On February 24th we had our dear friends over (Kelly, Tristan & Ella).  As my friend Kelly was getting ready to leave Evie fell back from my hip again.  As I was explaining my concerns over her infrequent bizarre behavior she went back a second time and then a third.  On the third time I was looking directly at Evelyn’s eyes and I saw her eyes roll into the back of her head as her body went limp backwards.  It was only one or two seconds before she was herself again, it was almost instantaneous.  My friend Kelly laid Evelyn down and we made sure she was tracking with a light and then she also made sure her eyes were dilating. After we felt she was okay, my friend left and I called the pediatrician just to let them know what happened.  At this point it was later in the evening and when the after hours doctor called they asked for us to go to the emergency room to be evaluated.
Heading to the Emergency Room
At the emergency room one of the nurses saw Evie’s “eye rolls”.  This is what we began to call them, not knowing what we were dealing with.  The doctor never saw her eyes roll, however he ordered blood work and a CAT scan.  When both of these tests came out okay he discharged us and asked that we follow up with pediatric neurology in the morning.
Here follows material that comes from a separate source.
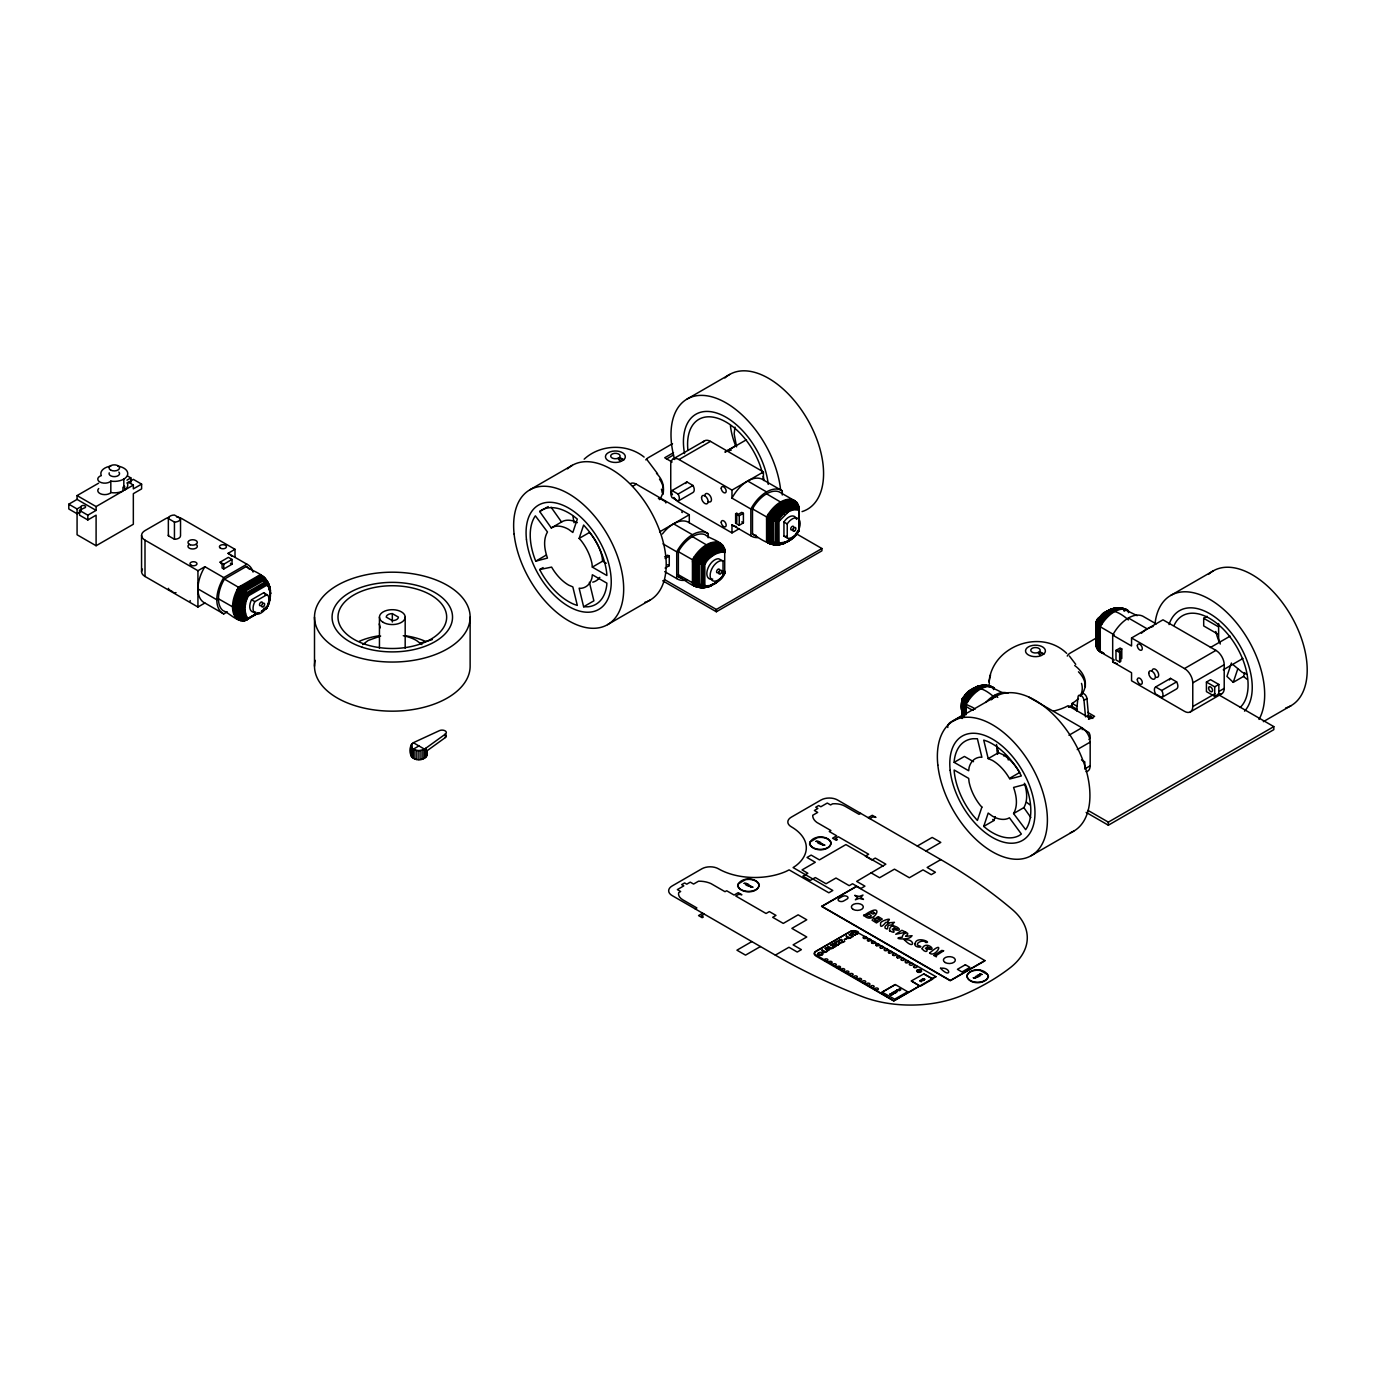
<?xml version="1.0" encoding="UTF-8"?>
<svg xmlns="http://www.w3.org/2000/svg" width="1376" height="1376" viewBox="0 0 1376 1376"><rect width="100%" height="100%" fill="white"/><g stroke="black" fill="none" stroke-linecap="round" stroke-linejoin="round"><path stroke-width="1.5" d="M96.096 545.739L133.334 524.256L133.334 493.674L141.608 488.893L141.608 484.128L133.334 488.893L133.334 485.074L124.614 490.08L124.614 486.244L122.963 487.207L122.963 491.026L96.096 506.574L96.096 510.393L77.073 499.402L68.8 504.184L68.8 508.965L77.073 513.747L80.96 511.494L81.012 506.471A2.339 1.359 0 0 1 84.934 505.852A2.339 1.359 0 0 1 83.884 508.122L79.55 510.393L79.55 515.174L87.823 519.956L96.096 515.174L96.096 545.739L77.073 534.765L77.073 508.965L80.96 506.712M77.073 499.402L77.073 495.584L98.608 483.182M87.823 519.956L87.823 515.174L96.096 510.393M98.711 488.549A7.018 4.059 0 0 0 100.517 493.795A7.018 4.059 0 0 0 109.753 493.434L110.82 492.574L110.82 481.118A13.45 7.774 0 0 0 127.297 475.632A13.45 7.774 0 0 0 117.786 466.103M123.823 486.743L123.823 479.106M130.858 482.684L130.858 477.919L127.538 476.01M678.368 576.802L678.368 551.673L679.899 549.093A27.709 15.996 -60 0 1 704.959 534.628C710.962 539.77 725.771 541.525 724.808 552.12C717.653 551.415 708.674 556.97 704.839 564.229L704.839 585.264C695.534 591.233 686.074 579.778 678.368 576.802L679.899 577.61A27.709 15.996 -60 0 0 682.1 578.161M720.56 545.601L720.56 543.554L719.029 542.746A27.709 15.996 -60 0 0 693.968 557.211L692.438 559.791L692.438 584.92L695.637 586.486A27.554 15.91 -60 0 0 700.212 587.122M766.57 540.08C778.868 546.048 794.348 542.161 799.026 530.328L798.837 506.334L796.842 502.464L793.161 499.952A27.709 15.996 -60 0 0 768.1 514.418L766.57 516.998L766.57 542.11L773.432 544.225A26.178 15.119 -60 0 0 782.703 543.606M794.692 502.79L794.692 500.761L779.091 491.817A27.709 15.996 -60 0 0 754.031 506.299L752.5 508.879L752.5 533.991C760.257 538.394 769.373 546.771 779.022 542.488L778.971 521.418L788.62 511.666L793.144 509.756L798.837 509.963L798.252 506.798A24.338 14.052 -60 0 0 789.635 507.348L784.87 510.1A24.338 14.052 -60 0 0 776.253 519.474L775.668 543.4L778.971 542.454M966.227 714.677L966.227 704.237L967.775 701.64A27.709 15.996 -60 0 1 992.836 687.174L987.504 685.867A26.161 15.102 -60 0 0 978.233 686.504L973.107 689.462A26.161 15.102 -60 0 0 963.836 699.541L962.632 701.416L962.701 715.589M1104.016 653.325A27.709 15.996 -60 0 1 1101.798 652.774L1096.345 647.253L1096.345 623.603L1097.429 621.952A25.611 14.792 -60 0 1 1106.51 612.079L1112.272 609.104A26.161 15.102 -60 0 1 1121.543 608.502L1126.858 609.792A27.709 15.996 -60 0 0 1101.798 624.257L1100.267 626.837L1100.267 651.966L1114.336 660.084M1128.406 612.647L1128.406 610.6L1126.05 609.379A27.675 15.979 -60 0 0 1101.024 623.81L1099.51 626.372L1099.493 651.45L1101.798 652.774M267.34 585.78L267.391 584.766M724.808 552.12L724.361 550.624A23.547 13.588 -60 0 0 716.019 551.174L711.409 553.806A23.581 13.622 -60 0 0 703.05 562.904L703.067 586.193A23.547 13.588 -60 0 0 711.409 585.643M719.029 542.746L722.71 545.257L722.658 547.132L720.542 543.83A27.52 15.893 -60 0 0 695.637 558.192L694.192 560.72L694.192 585.729L702.138 586.52A24.338 14.052 -60 0 0 710.738 585.97C716.483 581.91 725.479 578.883 724.412 570.558M798.94 509.309L797.082 503.994L793.161 499.952M797.547 530.775L798.699 531.136L798.768 528.401L798.974 530.672L797.048 533.527M973.262 710.326C969.014 708.743 957.472 702.534 963.888 696.566C971.92 684.491 981.656 685.953 994.366 697.305M1100.267 628.884C1094.952 626.63 1094.625 619.51 1100.06 616.723C1106.459 606.799 1117.398 610.153 1128.406 619.922M1096.448 644.931L1096.139 642.747L1097.412 647.855L1095.984 645.516L1096.878 642.953L1097.033 644.088L1096.018 643.4M797.822 505.491L796.566 503.152A26.643 15.377 -60 0 0 787.141 503.788L781.929 506.781A26.643 15.377 -60 0 0 772.486 517.066L771.231 520.85L771.231 541.886L772.486 544.208A26.626 15.377 -60 0 0 781.929 543.589L789.067 540.579A25.026 14.448 -60 0 0 791.475 538.601M258.516 575.684L263.143 579.623L266.789 585.23C267.374 574.188 252.599 571.745 246.218 566.551L224.46 579.107L222.998 581.721A27.709 15.996 -60 0 0 222.998 610.652C230.394 613.214 239.355 625.22 248.076 619.114C243.862 613.249 244.223 602.705 248.574 595.756L266.789 585.23C269.937 585.815 270.866 597.803 270.367 591.852M268.096 586.554L266.583 584.112L248.076 594.742C243.913 600.848 240.731 615.915 248.574 618.684L242.52 620.163L237.068 618.787A27.709 15.996 -60 0 1 237.068 589.84L238.53 587.225L260.288 574.669L262.524 576.08A27.675 15.979 -60 0 1 265.379 579.743M724.086 548.904L721.23 544.466M798.218 506.093L797.082 503.994A26.178 15.119 -60 0 0 787.812 504.596L782.703 507.555A26.178 15.119 -60 0 0 773.415 517.651L772.28 521.074L772.28 542.11L772.366 543.658L774.378 544.139A25.611 14.792 -60 0 0 783.46 543.537L788.465 540.648A25.645 14.809 -60 0 0 790.925 538.635M270.573 593.073C269.902 598.526 270.35 608.674 261.492 611.322M954.153 762.356L954.273 760.446A54.352 31.39 60 0 1 973.159 738.723L977.407 738.757L981.896 757.316L980.314 757.161A34.108 19.694 60 0 0 969.082 767.584L968.687 770.749L954.153 762.356L964.421 756.439L973.503 761.685M1207.113 616.31L1203.69 618.288L1203.69 625.942L1218.224 634.319M798.544 506.729L797.547 504.889A25.611 14.792 -60 0 0 788.465 505.491L783.443 508.363A25.645 14.809 -60 0 0 774.361 518.253L773.364 521.263L773.467 543.64L776.27 543.726M724.842 551.466L724.12 549.609A24.338 14.052 -60 0 0 715.503 550.142L710.738 552.894A24.338 14.052 -60 0 0 702.121 562.285L701.536 586.193L710.532 585.471L715.503 583.235A24.338 14.052 -60 0 0 720.078 579.072M269.094 588.154L269.18 587.225A26.643 15.377 -60 0 0 265.069 578.728L261.096 575.185L239.372 587.741L237.893 590.321A27.675 15.979 -60 0 0 237.893 619.2L239.355 620.129M1076.6 710.91L1078.027 696.892A4.231 2.442 60 0 1 1081.02 695.534A4.231 2.442 60 0 1 1083.996 700.332L1085.509 716.862M268.096 605.354L269.094 602.585M734.99 427.11L734.165 433.853L736.573 446.839M1218.62 623.517L1218.62 637.931A34.108 19.694 60 0 0 1220.288 644.02M269.816 590.063L268.148 585.54M722.968 573.362L724.808 573.156M962.013 701.055L962.254 698.991A23.547 13.588 -60 0 1 970.768 689.926M1097.928 619.183L1096.018 622.365L1096.706 645.946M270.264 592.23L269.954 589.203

Some relief in sight… we thought…
In the morning we spoke with Erin from pediatric neurology.  She was wonderful.  She was comforting and consoling and did not make me feel like I was crazy.  I knew something wasn’t right, no matter who saw it or didn’t see it.  I spent 24 hours a day with my little one and I just knew something wasn’t quite right.  She said to watch her closely over the weekend and she would call me on Monday.  While visiting family over the weekend we found out about a condition that ran in our family that had the same exact symptoms and this condition was an underdeveloped inner ear.  This inner ear issues caused a type of vertigo where my husband’s cousin, as a toddler, would lose tone and fall and her eyes would roll back in her head.  At this point we felt relieved.  We thought for sure this must be it and that she would grow out of it.  She continued to have a few ‘spells’ throughout the weekend.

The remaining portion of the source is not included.